# WHAT THIS TASK INVOLVES:
Repeat exactly, please, the opening lines of the data below, through and including the line where "msp = doc.modelspace()" sits.

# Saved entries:

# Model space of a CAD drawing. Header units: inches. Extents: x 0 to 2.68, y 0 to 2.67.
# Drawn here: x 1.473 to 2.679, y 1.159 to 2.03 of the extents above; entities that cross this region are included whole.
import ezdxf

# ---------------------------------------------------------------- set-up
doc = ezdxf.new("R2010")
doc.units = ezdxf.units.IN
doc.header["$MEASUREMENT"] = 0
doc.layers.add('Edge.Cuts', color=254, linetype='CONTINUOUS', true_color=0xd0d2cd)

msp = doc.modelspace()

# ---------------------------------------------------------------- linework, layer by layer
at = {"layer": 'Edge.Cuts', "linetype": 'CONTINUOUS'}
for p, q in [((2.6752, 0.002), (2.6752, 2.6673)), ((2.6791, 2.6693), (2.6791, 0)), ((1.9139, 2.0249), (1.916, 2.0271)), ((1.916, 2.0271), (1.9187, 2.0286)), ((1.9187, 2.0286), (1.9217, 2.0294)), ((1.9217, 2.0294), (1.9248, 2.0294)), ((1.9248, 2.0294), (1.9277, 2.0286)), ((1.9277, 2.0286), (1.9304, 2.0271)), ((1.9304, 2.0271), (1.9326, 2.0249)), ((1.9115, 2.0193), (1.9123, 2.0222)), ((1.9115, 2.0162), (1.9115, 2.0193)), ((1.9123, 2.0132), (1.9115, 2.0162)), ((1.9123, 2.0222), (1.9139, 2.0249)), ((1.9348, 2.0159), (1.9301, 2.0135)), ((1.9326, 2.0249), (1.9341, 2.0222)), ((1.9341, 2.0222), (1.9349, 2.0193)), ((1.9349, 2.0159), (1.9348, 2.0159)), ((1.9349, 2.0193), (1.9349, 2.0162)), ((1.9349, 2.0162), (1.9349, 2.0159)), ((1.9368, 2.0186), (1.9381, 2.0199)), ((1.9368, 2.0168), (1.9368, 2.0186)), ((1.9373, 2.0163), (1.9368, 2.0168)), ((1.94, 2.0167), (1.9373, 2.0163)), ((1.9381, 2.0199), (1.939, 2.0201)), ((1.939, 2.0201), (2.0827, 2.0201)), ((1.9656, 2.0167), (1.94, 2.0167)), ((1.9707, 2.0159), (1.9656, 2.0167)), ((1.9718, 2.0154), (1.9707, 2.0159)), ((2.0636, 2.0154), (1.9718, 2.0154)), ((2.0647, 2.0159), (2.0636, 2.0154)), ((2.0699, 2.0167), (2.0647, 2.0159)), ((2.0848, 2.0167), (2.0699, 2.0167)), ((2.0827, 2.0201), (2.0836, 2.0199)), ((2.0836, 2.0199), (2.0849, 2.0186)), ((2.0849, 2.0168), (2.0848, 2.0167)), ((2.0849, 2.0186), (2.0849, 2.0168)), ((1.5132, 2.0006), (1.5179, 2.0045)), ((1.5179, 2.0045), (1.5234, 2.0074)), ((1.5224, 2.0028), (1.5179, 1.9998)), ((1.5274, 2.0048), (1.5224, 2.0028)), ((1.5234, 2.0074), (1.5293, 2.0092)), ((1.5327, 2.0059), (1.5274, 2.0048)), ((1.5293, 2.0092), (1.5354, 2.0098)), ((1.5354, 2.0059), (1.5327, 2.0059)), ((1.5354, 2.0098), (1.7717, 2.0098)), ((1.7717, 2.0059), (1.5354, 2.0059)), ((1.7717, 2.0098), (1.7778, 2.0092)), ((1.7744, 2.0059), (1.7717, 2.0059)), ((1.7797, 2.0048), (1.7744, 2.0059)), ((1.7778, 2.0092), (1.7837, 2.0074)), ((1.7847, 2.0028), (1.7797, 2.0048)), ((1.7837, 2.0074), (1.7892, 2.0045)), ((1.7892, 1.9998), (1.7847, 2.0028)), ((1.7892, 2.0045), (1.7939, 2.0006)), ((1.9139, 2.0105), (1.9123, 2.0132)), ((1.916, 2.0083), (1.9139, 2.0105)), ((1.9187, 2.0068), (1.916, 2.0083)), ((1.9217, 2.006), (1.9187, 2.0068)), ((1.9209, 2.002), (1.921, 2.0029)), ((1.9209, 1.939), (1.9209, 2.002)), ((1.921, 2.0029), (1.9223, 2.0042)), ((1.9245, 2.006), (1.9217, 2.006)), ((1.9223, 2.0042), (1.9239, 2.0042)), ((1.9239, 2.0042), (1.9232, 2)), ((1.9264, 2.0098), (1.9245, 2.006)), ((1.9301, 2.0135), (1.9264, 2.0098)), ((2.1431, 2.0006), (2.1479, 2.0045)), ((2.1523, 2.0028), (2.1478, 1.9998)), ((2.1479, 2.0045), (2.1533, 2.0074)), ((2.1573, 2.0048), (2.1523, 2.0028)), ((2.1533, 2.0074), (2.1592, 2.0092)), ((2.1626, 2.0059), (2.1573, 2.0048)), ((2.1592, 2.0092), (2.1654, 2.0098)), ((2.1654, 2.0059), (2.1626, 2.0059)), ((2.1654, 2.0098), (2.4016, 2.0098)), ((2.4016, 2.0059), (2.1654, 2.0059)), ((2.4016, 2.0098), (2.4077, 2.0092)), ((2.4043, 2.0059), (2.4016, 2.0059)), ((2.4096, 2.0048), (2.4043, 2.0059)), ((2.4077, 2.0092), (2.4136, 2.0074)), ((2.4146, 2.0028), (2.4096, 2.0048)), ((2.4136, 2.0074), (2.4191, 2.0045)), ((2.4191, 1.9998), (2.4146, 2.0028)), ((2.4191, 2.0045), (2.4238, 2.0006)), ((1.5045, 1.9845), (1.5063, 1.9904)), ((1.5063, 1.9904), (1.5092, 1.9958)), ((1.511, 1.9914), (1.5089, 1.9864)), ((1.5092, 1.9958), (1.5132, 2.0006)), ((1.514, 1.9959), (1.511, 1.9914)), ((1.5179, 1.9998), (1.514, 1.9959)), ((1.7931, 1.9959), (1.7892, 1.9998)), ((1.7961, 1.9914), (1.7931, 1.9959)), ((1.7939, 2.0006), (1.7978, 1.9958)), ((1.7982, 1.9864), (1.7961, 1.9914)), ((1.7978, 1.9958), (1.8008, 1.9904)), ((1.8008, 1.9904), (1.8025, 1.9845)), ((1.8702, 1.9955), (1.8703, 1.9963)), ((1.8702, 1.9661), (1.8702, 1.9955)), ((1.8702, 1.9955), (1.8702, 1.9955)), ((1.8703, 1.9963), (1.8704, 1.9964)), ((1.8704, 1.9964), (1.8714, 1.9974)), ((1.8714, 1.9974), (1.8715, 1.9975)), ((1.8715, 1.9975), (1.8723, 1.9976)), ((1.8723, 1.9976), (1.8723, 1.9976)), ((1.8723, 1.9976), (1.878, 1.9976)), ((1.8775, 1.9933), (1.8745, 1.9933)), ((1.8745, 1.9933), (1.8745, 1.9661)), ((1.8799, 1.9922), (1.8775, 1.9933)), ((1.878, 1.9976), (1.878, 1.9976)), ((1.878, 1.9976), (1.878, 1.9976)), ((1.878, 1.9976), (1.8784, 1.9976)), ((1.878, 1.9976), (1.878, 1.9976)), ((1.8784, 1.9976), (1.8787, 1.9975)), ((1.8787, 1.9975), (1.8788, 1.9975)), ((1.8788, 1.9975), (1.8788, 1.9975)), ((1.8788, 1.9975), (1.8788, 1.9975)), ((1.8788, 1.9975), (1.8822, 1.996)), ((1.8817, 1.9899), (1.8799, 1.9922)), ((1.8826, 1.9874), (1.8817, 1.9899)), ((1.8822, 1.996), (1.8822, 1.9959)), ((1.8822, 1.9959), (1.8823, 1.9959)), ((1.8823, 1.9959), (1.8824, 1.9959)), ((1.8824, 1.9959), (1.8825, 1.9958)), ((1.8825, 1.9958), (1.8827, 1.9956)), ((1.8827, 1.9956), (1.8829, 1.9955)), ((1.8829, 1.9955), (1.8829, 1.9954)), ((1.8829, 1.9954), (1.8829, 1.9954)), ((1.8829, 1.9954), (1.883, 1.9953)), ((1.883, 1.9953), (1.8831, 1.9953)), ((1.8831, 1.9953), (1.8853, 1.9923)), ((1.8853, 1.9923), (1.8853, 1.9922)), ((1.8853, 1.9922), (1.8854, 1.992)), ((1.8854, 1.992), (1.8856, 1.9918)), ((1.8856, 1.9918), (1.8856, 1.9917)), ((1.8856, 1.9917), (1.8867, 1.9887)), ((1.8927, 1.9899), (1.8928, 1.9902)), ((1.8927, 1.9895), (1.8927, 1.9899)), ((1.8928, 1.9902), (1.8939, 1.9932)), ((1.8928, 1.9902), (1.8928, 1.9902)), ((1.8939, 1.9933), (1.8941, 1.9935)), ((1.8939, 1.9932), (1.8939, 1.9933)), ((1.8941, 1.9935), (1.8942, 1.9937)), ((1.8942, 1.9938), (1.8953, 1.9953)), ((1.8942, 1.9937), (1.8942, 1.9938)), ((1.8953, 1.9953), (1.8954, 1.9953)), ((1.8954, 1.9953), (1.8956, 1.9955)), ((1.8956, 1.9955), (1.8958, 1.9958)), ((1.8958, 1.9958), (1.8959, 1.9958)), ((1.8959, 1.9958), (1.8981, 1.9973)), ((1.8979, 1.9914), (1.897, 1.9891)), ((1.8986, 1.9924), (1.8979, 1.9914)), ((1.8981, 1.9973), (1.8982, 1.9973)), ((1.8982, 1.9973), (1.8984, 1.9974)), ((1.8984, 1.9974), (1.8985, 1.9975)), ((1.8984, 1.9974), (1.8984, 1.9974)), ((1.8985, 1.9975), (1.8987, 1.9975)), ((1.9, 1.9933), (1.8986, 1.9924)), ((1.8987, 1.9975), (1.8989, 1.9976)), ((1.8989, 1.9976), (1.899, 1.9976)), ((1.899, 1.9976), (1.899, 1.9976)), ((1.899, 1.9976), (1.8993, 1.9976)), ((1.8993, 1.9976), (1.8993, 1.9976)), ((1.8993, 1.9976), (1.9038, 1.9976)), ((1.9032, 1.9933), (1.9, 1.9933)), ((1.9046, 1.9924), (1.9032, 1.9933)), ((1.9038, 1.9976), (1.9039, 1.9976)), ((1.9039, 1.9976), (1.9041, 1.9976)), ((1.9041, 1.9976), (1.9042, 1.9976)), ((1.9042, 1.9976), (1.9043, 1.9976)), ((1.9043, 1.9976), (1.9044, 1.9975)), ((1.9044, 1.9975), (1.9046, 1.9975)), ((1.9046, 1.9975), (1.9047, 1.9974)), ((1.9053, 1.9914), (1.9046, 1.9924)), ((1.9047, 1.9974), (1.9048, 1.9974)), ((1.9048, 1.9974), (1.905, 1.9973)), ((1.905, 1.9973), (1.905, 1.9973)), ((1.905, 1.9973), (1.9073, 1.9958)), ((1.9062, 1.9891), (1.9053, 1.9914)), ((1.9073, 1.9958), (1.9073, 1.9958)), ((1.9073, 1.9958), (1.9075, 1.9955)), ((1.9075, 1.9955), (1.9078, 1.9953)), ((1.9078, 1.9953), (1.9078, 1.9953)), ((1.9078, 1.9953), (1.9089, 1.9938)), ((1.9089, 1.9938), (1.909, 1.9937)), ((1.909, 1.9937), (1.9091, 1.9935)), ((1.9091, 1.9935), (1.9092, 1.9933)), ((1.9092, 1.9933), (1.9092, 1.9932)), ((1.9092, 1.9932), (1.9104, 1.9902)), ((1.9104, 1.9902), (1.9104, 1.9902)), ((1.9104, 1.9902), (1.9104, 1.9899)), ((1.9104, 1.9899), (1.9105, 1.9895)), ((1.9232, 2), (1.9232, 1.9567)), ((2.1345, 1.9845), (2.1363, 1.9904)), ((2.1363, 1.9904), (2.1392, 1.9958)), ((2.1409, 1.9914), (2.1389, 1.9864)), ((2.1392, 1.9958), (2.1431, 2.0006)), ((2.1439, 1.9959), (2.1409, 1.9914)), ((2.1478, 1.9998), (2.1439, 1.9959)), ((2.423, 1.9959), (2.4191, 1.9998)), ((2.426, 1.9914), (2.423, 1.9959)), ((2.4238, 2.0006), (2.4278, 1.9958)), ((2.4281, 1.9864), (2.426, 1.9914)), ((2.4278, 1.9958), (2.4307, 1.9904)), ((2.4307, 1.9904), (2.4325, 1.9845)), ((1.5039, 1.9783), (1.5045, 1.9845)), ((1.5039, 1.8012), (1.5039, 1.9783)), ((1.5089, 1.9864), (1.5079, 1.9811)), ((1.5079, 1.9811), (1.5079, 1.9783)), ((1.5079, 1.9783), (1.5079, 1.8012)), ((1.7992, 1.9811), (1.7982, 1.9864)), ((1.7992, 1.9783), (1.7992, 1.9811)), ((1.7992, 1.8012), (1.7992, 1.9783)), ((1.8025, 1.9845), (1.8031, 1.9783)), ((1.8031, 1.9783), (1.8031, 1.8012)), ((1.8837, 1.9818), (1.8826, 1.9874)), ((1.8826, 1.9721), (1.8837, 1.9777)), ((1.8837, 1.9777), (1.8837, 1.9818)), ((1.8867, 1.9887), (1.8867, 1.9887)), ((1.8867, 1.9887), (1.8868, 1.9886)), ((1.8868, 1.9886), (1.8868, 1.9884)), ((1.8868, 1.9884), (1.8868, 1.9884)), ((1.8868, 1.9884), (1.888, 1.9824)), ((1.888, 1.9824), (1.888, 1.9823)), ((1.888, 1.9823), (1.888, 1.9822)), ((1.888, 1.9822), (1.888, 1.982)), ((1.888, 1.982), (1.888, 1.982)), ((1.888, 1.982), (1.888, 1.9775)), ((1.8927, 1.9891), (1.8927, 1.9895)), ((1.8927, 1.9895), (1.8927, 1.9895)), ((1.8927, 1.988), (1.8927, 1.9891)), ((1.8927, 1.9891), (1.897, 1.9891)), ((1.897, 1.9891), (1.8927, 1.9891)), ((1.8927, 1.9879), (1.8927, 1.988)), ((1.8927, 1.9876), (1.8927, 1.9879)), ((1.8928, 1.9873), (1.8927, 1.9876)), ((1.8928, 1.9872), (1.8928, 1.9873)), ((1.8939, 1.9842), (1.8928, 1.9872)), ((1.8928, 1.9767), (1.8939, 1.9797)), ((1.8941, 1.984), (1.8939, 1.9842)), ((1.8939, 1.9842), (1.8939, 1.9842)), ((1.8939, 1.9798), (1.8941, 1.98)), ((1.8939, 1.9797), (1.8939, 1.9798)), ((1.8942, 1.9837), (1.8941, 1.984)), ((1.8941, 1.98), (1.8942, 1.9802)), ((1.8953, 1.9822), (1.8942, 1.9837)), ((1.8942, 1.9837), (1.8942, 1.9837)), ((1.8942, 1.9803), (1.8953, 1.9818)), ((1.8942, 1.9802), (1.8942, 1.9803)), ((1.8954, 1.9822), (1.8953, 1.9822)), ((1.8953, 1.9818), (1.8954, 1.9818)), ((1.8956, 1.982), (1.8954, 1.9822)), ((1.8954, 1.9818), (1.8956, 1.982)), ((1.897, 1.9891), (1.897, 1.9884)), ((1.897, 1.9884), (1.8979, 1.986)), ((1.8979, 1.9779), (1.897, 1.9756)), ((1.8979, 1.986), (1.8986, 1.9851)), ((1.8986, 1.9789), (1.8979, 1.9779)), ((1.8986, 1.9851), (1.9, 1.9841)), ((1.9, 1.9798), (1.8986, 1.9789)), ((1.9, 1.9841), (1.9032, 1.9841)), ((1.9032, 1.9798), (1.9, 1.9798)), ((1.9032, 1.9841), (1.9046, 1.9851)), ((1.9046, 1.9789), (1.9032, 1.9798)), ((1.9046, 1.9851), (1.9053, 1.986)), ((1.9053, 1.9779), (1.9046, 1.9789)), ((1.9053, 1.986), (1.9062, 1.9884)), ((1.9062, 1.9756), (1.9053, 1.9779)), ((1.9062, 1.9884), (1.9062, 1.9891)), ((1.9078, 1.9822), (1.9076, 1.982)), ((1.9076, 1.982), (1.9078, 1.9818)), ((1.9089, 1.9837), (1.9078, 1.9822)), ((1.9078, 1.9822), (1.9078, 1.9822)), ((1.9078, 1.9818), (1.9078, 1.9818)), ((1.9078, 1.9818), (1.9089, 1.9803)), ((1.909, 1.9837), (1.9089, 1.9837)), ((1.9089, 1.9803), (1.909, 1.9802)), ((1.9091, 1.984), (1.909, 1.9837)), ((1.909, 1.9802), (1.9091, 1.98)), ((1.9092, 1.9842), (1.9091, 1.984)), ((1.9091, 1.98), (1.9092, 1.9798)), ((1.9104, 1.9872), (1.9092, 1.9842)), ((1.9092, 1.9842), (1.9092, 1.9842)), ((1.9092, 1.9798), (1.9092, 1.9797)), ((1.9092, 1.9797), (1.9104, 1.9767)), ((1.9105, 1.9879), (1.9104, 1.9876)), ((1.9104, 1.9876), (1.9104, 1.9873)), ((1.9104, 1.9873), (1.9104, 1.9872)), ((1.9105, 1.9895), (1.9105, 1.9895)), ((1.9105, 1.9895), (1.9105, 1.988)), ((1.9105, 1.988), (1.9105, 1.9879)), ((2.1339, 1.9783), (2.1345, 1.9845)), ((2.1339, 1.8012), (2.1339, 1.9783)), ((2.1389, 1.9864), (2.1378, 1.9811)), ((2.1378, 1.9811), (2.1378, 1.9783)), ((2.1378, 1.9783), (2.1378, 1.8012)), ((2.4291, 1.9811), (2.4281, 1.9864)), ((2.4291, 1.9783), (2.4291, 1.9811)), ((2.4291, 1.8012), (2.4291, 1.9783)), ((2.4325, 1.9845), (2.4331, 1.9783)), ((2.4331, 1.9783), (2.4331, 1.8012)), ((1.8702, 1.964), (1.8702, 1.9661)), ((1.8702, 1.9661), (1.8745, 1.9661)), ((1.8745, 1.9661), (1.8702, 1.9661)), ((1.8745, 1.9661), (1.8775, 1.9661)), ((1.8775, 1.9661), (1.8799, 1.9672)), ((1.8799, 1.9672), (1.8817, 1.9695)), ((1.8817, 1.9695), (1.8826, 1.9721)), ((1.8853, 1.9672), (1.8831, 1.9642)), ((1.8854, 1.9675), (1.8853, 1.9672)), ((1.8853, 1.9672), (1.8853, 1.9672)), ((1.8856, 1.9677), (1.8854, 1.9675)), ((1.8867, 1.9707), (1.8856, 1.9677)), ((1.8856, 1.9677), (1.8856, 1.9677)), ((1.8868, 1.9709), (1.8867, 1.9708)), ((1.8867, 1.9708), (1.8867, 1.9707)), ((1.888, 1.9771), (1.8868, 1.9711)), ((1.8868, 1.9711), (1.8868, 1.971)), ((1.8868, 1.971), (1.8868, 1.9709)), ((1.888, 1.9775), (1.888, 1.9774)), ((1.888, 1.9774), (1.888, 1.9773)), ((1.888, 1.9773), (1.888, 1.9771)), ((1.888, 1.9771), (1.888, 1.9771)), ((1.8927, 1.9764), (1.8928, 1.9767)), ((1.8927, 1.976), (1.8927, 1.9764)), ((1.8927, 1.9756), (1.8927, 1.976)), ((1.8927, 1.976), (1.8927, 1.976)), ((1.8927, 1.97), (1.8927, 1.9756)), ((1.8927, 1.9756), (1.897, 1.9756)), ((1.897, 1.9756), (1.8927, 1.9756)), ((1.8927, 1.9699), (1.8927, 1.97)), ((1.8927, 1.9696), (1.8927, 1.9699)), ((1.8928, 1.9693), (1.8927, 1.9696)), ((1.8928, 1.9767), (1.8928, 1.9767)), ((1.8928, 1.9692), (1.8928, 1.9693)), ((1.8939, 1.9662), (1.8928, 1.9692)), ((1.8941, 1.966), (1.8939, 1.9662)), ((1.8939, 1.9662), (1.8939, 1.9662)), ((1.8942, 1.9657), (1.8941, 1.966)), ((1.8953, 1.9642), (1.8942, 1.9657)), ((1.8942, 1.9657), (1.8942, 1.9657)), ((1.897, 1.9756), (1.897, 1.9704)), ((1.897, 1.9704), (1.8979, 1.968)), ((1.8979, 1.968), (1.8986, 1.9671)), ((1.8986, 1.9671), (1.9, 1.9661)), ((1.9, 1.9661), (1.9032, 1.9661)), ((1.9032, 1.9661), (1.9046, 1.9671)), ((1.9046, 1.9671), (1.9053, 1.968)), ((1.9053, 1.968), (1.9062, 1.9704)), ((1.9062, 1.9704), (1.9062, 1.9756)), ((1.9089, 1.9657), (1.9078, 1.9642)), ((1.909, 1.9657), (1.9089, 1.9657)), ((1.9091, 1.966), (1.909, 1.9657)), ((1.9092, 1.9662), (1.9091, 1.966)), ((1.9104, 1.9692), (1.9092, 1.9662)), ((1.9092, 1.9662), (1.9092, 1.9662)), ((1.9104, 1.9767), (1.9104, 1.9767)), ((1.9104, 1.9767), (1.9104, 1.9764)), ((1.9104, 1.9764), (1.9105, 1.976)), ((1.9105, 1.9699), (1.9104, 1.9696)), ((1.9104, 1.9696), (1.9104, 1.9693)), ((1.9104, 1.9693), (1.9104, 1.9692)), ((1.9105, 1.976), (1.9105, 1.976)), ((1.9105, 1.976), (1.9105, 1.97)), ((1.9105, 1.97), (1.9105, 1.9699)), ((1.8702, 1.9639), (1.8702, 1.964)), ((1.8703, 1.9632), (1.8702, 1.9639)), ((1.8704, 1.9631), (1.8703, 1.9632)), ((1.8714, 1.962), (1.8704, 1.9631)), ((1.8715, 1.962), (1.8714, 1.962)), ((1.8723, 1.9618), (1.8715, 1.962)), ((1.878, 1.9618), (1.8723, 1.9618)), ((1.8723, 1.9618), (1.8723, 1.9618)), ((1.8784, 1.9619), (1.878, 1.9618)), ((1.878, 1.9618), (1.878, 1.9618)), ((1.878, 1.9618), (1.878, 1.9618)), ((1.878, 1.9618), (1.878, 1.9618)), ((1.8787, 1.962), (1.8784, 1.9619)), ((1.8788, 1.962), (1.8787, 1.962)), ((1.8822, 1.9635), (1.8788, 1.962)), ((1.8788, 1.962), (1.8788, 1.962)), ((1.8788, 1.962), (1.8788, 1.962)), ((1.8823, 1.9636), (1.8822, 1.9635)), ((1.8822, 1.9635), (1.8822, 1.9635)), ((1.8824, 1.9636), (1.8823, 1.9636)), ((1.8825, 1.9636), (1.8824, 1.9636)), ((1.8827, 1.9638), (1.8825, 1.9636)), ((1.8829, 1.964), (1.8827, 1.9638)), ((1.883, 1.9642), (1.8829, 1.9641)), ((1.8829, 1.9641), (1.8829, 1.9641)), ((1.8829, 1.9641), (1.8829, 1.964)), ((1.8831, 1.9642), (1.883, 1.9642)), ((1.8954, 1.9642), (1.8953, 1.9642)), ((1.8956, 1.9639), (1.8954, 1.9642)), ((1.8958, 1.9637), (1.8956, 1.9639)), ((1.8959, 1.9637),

# THE ANSWER:
# Model space of a CAD drawing. Header units: inches. Extents: x 0 to 2.68, y 0 to 2.67.
# Drawn here: x 1.473 to 2.679, y 1.159 to 2.03 of the extents above; entities that cross this region are included whole.
import ezdxf

# ---------------------------------------------------------------- set-up
doc = ezdxf.new("R2010")
doc.units = ezdxf.units.IN
doc.header["$MEASUREMENT"] = 0
doc.layers.add('Edge.Cuts', color=254, linetype='CONTINUOUS', true_color=0xd0d2cd)

msp = doc.modelspace()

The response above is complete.